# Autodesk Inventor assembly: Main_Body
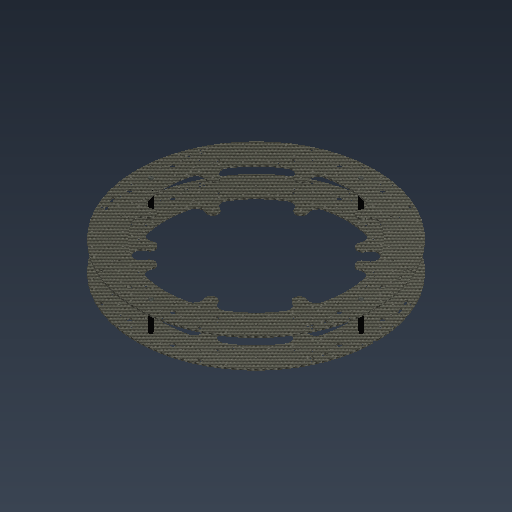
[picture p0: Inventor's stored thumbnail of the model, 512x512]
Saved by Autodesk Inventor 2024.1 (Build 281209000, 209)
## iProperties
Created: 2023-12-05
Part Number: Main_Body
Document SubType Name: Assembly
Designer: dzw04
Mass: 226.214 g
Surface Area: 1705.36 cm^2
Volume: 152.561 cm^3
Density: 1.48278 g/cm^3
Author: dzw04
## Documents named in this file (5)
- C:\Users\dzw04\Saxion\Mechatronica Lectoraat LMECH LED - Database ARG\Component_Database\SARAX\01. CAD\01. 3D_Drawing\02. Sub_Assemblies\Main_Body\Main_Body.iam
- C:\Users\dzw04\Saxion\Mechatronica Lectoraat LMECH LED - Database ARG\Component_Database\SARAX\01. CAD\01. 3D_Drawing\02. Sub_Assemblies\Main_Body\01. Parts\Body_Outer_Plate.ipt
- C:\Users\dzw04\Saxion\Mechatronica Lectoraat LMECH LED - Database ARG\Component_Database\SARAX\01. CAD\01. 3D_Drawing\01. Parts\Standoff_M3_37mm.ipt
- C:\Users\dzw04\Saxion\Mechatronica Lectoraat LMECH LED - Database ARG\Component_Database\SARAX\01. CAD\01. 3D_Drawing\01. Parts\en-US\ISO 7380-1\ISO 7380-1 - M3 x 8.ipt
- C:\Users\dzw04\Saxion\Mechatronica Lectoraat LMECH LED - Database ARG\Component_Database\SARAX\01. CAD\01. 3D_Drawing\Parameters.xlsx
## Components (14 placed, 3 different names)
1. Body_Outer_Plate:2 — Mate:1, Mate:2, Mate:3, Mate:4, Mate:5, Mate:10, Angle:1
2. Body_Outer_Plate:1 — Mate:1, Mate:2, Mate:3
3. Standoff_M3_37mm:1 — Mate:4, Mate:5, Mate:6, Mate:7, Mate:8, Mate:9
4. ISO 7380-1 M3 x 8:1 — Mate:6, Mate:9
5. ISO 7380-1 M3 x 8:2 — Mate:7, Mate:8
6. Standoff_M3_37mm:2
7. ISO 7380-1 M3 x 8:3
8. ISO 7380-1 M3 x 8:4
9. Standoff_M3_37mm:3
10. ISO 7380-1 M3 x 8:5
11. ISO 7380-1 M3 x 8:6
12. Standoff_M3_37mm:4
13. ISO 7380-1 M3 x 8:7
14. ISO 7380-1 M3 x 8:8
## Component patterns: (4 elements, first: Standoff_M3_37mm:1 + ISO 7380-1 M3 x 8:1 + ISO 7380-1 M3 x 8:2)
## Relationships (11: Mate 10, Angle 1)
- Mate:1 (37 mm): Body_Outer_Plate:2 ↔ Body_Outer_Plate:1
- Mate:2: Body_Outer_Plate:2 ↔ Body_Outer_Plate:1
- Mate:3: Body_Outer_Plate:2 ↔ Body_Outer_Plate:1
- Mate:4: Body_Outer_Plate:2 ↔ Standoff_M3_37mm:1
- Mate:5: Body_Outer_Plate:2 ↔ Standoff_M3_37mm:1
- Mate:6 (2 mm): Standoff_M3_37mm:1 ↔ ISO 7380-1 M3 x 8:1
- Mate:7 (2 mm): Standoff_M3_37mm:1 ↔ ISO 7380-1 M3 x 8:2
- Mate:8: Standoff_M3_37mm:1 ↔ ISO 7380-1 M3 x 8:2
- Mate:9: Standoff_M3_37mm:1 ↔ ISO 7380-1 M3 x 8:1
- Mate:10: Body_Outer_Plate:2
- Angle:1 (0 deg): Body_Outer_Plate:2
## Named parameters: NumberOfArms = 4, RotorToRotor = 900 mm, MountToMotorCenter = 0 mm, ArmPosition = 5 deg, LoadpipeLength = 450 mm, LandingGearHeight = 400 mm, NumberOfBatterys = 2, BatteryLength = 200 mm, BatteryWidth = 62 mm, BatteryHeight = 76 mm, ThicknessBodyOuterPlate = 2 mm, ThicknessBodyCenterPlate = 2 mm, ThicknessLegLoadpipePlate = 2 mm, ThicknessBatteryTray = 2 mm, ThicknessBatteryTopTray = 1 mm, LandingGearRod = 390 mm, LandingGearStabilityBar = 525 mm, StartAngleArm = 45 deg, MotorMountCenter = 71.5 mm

> **Work task**: Look above for the line holding "2. Body_Outer_Plate:1 —", then set down exactly that line and every line after it up to and including the line holding "- Angle:1 (0 deg): Body_Outer_Plate:2", with nothing else.

> **Solution**:
2. Body_Outer_Plate:1 — Mate:1, Mate:2, Mate:3
3. Standoff_M3_37mm:1 — Mate:4, Mate:5, Mate:6, Mate:7, Mate:8, Mate:9
4. ISO 7380-1 M3 x 8:1 — Mate:6, Mate:9
5. ISO 7380-1 M3 x 8:2 — Mate:7, Mate:8
6. Standoff_M3_37mm:2
7. ISO 7380-1 M3 x 8:3
8. ISO 7380-1 M3 x 8:4
9. Standoff_M3_37mm:3
10. ISO 7380-1 M3 x 8:5
11. ISO 7380-1 M3 x 8:6
12. Standoff_M3_37mm:4
13. ISO 7380-1 M3 x 8:7
14. ISO 7380-1 M3 x 8:8
## Component patterns: (4 elements, first: Standoff_M3_37mm:1 + ISO 7380-1 M3 x 8:1 + ISO 7380-1 M3 x 8:2)
## Relationships (11: Mate 10, Angle 1)
- Mate:1 (37 mm): Body_Outer_Plate:2 ↔ Body_Outer_Plate:1
- Mate:2: Body_Outer_Plate:2 ↔ Body_Outer_Plate:1
- Mate:3: Body_Outer_Plate:2 ↔ Body_Outer_Plate:1
- Mate:4: Body_Outer_Plate:2 ↔ Standoff_M3_37mm:1
- Mate:5: Body_Outer_Plate:2 ↔ Standoff_M3_37mm:1
- Mate:6 (2 mm): Standoff_M3_37mm:1 ↔ ISO 7380-1 M3 x 8:1
- Mate:7 (2 mm): Standoff_M3_37mm:1 ↔ ISO 7380-1 M3 x 8:2
- Mate:8: Standoff_M3_37mm:1 ↔ ISO 7380-1 M3 x 8:2
- Mate:9: Standoff_M3_37mm:1 ↔ ISO 7380-1 M3 x 8:1
- Mate:10: Body_Outer_Plate:2
- Angle:1 (0 deg): Body_Outer_Plate:2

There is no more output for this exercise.